This discussion is archived
1 2 Previous Next 16 Replies Latest reply: May 16, 2013 5:24 PM by davidp 2 RSS

Less tedious code for creating individual variables from strings?

652774 Newbie
Currently Being Moderated
Hi, we are trying to convert code stored as a long string of 0's and 1's in one variable into separate variables. Currently we have:

var_string
0000
0100
null
1111

create table newtable as select
case when var_string is null then '0' else substr(var_string,1,1) end as var1,
case when var_string null then '0' else substr(var_string,2,1) end as var2,
case when var_string is null then '0' else substr(var_string,3,1) end as var3,
case when var_string is null then '0' else substr(var_string,4,1) end as var4
from oldtable;

Could someone think of a less tedious way to do this? We have several hundred of these and it is tedious to do it this way.

-Mary
  • 1. Re: Less tedious code for creating individual variables from strings?
    rp0428 Guru
    Currently Being Moderated
    >
    Hi, we are trying to convert code stored as a long string of 0's and 1's in one variable into separate variables. Currently we have:

    var_string
    0000
    0100
    null
    1111

    create table newtable as select
    case when var_string is null then '0' else substr(var_string,1,1) end as var1,
    case when var_string null then '0' else substr(var_string,2,1) end as var2,
    case when var_string is null then '0' else substr(var_string,3,1) end as var3,
    case when var_string is null then '0' else substr(var_string,4,1) end as var4
    from oldtable;

    Could someone think of a less tedious way to do this? We have several hundred of these and it is tedious to do it this way.
    >
    No.

    You need to pick each character off separately.

    The table should be created manually using standard DDL. Then you can just insert the data.

    Can you provide more information about the actual problem you are dealing with?

    How did the data wind up that way to begin with? is it really binary data where each digit is ONLY a one or a zero?
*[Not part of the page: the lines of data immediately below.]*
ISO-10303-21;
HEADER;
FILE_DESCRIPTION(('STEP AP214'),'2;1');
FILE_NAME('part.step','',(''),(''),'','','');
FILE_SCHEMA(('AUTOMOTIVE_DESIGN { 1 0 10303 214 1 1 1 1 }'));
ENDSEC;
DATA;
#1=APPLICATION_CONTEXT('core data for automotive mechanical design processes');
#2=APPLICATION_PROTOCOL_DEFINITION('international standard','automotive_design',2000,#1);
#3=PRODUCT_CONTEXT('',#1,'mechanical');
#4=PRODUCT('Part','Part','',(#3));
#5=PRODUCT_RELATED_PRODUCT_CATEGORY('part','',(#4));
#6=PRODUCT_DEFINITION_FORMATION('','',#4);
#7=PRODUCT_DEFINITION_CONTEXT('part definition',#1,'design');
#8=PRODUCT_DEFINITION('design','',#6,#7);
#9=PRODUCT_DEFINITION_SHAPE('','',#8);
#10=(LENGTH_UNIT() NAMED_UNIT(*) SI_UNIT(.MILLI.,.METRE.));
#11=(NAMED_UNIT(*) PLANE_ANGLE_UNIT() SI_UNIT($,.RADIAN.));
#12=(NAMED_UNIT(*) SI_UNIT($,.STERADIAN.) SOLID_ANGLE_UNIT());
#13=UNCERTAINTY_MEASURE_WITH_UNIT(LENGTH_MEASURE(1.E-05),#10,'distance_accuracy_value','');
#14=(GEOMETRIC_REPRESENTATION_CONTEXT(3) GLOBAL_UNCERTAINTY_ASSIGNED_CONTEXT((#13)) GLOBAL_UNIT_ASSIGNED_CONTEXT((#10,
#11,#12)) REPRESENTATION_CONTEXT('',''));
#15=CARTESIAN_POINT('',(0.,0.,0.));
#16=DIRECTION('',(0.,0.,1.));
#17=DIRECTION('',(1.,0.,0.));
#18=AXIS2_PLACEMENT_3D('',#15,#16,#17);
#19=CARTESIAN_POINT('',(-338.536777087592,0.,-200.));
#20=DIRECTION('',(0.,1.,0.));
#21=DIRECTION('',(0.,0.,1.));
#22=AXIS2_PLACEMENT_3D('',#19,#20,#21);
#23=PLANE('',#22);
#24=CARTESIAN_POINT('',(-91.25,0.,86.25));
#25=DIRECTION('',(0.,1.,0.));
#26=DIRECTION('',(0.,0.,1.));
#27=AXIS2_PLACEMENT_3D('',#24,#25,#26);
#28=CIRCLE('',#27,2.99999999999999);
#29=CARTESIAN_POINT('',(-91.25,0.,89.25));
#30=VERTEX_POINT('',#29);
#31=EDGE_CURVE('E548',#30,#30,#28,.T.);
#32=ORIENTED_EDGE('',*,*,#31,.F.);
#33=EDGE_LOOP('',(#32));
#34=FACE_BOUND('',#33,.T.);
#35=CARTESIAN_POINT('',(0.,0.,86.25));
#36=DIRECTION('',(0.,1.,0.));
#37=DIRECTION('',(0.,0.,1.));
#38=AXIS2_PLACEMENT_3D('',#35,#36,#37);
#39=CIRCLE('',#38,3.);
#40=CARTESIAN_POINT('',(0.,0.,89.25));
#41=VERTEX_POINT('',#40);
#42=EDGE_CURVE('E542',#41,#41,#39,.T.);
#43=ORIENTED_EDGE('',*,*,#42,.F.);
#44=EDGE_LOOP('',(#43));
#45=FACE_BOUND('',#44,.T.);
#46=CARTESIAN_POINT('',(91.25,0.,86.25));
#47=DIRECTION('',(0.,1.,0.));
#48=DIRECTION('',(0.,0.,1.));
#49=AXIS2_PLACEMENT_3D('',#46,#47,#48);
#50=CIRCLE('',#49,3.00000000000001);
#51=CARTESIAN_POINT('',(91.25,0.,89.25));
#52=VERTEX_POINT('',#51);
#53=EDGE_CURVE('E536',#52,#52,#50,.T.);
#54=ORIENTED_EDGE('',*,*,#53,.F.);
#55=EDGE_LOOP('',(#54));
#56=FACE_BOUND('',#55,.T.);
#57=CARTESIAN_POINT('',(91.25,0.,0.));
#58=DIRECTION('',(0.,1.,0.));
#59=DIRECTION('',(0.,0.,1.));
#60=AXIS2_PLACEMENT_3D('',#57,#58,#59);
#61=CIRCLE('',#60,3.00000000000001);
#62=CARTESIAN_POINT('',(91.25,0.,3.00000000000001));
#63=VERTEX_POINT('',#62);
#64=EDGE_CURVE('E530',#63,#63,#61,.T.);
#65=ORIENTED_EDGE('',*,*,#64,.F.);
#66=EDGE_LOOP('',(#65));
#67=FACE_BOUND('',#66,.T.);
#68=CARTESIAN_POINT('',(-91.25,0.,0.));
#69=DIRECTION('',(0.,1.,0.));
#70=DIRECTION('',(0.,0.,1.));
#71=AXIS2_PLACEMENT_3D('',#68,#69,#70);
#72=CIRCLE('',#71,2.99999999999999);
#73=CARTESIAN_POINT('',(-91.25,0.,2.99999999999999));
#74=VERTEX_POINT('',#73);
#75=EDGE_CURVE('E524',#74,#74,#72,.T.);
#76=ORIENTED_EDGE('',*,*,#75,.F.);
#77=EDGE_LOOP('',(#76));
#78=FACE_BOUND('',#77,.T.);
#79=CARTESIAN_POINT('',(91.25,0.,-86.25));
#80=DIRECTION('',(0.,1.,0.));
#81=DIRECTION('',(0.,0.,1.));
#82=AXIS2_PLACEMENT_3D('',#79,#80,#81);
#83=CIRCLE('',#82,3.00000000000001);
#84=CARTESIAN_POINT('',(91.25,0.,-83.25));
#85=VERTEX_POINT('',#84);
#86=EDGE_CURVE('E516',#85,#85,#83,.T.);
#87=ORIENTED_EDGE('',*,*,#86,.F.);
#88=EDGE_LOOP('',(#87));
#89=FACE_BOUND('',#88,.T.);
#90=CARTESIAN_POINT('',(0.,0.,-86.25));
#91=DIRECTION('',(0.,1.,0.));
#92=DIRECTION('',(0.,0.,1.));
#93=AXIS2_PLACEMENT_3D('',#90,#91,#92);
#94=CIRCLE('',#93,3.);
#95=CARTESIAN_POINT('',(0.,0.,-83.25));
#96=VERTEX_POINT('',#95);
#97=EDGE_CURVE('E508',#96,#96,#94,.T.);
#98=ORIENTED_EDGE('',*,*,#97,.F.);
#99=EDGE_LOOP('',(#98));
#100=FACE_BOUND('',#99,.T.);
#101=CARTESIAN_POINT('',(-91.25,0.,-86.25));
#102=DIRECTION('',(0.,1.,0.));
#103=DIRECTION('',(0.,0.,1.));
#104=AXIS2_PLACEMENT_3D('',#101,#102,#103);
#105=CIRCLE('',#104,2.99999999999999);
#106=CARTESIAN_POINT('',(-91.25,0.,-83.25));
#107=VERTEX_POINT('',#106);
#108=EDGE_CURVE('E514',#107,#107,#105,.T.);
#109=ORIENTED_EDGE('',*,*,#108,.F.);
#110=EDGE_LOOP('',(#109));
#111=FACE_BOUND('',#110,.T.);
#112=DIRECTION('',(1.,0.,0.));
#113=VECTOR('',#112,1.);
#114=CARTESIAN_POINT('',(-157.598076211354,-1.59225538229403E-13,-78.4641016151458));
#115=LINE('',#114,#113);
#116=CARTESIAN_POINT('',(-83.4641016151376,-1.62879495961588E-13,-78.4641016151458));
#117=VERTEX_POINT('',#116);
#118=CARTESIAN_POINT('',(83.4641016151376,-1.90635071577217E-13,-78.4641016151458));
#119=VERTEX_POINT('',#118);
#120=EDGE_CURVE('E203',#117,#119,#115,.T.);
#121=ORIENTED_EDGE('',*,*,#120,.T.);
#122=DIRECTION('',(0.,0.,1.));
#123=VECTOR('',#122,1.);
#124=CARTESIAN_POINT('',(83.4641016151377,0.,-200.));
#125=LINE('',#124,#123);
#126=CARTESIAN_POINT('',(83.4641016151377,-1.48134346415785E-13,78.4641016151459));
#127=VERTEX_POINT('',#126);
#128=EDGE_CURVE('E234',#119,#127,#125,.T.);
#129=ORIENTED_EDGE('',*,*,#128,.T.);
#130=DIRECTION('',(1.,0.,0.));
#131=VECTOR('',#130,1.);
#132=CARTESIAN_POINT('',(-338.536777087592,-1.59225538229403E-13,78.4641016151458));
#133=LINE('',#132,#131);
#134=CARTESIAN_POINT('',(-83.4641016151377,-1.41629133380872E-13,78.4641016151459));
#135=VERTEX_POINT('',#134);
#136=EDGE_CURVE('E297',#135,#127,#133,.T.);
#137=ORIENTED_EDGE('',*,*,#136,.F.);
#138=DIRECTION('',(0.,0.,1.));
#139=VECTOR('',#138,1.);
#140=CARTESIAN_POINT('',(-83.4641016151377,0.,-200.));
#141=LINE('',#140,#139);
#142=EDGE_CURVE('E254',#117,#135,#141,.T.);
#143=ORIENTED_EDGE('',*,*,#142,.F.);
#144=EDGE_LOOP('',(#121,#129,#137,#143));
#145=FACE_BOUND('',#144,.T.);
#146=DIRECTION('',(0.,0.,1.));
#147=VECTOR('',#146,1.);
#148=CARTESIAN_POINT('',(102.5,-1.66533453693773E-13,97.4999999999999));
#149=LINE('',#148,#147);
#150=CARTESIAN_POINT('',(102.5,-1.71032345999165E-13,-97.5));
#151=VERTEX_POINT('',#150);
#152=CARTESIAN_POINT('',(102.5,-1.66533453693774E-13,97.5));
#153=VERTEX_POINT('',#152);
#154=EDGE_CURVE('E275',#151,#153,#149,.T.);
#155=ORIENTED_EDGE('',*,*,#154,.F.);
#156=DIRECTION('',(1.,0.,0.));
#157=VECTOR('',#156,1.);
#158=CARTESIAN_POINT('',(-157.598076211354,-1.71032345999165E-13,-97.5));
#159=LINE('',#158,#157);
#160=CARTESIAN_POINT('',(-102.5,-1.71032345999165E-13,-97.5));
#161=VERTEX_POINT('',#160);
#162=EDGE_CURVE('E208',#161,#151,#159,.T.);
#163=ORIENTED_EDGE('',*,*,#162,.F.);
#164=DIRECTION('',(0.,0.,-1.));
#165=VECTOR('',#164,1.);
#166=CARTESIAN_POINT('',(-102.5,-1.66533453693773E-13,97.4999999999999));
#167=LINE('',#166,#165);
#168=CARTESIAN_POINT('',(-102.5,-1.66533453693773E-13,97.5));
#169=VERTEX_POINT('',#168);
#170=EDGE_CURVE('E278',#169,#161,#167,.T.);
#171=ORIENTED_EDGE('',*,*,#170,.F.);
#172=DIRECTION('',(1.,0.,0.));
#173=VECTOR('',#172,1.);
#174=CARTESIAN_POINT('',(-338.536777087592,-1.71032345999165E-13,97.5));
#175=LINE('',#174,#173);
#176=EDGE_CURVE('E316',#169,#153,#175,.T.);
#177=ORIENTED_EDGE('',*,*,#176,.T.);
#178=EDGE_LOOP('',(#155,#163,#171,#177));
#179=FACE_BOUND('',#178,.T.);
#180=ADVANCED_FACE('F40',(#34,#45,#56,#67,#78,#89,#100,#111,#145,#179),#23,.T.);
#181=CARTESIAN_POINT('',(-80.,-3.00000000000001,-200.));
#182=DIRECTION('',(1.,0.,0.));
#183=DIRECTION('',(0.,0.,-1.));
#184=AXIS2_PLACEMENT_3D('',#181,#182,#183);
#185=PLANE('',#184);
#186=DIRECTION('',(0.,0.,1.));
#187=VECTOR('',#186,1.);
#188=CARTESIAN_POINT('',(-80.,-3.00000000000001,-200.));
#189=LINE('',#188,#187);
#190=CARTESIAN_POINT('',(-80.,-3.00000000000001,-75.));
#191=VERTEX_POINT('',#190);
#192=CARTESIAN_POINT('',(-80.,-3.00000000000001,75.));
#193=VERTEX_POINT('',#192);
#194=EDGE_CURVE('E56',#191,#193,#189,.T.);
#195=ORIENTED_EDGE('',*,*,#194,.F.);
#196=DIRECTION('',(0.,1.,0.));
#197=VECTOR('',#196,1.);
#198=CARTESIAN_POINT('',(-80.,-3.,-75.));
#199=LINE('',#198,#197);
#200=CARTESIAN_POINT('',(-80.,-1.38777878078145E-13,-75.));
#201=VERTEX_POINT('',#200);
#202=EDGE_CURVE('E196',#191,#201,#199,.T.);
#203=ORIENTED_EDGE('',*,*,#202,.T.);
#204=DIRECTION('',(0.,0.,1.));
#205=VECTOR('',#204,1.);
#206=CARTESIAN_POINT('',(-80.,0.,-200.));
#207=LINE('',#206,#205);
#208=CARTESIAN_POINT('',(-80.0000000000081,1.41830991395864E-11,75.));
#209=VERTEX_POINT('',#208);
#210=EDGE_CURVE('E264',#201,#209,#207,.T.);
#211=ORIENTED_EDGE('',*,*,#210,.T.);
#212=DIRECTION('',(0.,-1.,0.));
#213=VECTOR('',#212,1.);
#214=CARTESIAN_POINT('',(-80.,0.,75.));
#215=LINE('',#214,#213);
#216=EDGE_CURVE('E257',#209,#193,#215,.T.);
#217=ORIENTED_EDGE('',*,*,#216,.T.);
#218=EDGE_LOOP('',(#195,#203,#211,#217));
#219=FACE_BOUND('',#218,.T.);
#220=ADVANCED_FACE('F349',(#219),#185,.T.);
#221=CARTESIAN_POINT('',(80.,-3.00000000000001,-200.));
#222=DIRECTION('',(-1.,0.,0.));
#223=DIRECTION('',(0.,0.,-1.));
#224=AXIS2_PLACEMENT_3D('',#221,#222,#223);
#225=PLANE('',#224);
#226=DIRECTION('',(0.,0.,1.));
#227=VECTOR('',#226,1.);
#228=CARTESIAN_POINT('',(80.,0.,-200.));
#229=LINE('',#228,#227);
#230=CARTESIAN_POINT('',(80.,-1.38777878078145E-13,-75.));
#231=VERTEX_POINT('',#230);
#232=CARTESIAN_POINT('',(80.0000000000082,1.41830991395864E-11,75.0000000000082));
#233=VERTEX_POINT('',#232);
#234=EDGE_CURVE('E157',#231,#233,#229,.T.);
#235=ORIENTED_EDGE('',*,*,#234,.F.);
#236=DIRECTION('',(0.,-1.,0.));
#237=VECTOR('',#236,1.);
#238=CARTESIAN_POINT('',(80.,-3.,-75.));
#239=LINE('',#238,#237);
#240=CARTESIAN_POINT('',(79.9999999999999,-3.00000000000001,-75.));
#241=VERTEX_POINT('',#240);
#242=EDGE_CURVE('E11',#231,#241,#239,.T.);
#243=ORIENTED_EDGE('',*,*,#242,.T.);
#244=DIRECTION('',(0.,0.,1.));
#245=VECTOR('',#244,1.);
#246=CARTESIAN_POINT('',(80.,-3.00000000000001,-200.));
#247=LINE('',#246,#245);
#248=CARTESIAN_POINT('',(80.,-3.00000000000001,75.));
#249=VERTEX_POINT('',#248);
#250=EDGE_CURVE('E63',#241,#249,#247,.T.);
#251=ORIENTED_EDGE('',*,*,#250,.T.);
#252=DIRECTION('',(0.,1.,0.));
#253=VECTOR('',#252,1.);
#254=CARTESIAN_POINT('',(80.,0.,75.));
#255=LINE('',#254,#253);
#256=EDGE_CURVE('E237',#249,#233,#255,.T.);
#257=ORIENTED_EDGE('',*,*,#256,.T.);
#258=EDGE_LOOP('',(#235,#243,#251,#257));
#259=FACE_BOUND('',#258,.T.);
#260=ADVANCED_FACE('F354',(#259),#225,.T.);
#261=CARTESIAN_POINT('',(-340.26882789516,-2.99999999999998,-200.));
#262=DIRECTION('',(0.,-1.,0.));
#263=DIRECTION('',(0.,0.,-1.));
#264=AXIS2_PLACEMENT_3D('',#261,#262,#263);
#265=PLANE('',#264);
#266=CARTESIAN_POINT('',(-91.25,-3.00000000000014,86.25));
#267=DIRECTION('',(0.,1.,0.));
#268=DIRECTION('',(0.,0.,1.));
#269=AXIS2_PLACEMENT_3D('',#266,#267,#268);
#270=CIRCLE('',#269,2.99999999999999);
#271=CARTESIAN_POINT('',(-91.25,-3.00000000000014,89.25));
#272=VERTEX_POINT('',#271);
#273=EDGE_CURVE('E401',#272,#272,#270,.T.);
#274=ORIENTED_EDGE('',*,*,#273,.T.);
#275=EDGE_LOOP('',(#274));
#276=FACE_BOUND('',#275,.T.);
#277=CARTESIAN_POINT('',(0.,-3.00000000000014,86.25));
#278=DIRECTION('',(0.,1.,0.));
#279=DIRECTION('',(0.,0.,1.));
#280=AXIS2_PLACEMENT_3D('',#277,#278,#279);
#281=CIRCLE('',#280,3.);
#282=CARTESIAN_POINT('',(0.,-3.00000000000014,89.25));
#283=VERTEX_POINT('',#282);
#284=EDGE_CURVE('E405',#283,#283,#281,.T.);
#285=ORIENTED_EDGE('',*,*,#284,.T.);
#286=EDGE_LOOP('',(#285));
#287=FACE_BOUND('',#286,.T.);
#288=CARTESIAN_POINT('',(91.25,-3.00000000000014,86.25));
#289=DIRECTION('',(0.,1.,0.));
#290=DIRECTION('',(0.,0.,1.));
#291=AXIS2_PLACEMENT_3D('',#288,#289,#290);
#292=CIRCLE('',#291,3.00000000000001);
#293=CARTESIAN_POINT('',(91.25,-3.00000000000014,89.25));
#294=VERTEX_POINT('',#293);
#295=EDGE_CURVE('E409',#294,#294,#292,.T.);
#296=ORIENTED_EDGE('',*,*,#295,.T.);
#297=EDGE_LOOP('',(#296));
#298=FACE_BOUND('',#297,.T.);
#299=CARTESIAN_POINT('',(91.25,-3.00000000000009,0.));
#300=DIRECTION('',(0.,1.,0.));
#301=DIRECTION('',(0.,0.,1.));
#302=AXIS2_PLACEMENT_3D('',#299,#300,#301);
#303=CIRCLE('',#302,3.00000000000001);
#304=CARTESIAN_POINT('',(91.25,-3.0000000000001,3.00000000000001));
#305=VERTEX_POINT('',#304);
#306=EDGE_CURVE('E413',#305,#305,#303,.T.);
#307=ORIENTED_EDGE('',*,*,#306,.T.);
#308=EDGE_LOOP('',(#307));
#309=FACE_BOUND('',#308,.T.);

    Why would you want to store each digit in a separate column? How is the data going to be used AFTER it is stored in the table?
  • 2. Re: Less tedious code for creating individual variables from strings?
    Frank Kulash Guru
    Currently Being Moderated
    Hi, Mary,
    ml23 wrote:
    Hi, we are trying to convert code stored as a long string of 0's and 1's in one variable into separate variables. Currently we have:

    var_string
    0000
    0100
    null
    1111

    create table newtable as select
    case when var_string is null then '0' else substr(var_string,1,1) end as var1,
    case when var_string null then '0' else substr(var_string,2,1) end as var2,
    case when var_string is null then '0' else substr(var_string,3,1) end as var3,
    case when var_string is null then '0' else substr(var_string,4,1) end as var4
    from oldtable;

    Could someone think of a less tedious way to do this? We have several hundred of these and it is tedious to do it this way.
    Do you mean you have hundreds of columns in newtable?
    If so, I don't see any way around having hundreds of expressions.
    They can be a little shorter if you use NVL instead of CASE, like this:
     CREATE TABLE     newtable
    AS
    SELECT     NVL (SUBSTR (var_string, 1, 1), '0')     AS var1
    ,     NVL (SUBSTR (var_string, 2, 1), '0')     AS var2
    ,     NVL (SUBSTR (var_string, 3, 1), '0')     AS var3
    ,     NVL (SUBSTR (var_string, 4, 1), '0')     AS var4
    FROM     oldtable;
    This assumes that, if var_string is not NULL, but is shorter than expected, you want a '0' in the missing column.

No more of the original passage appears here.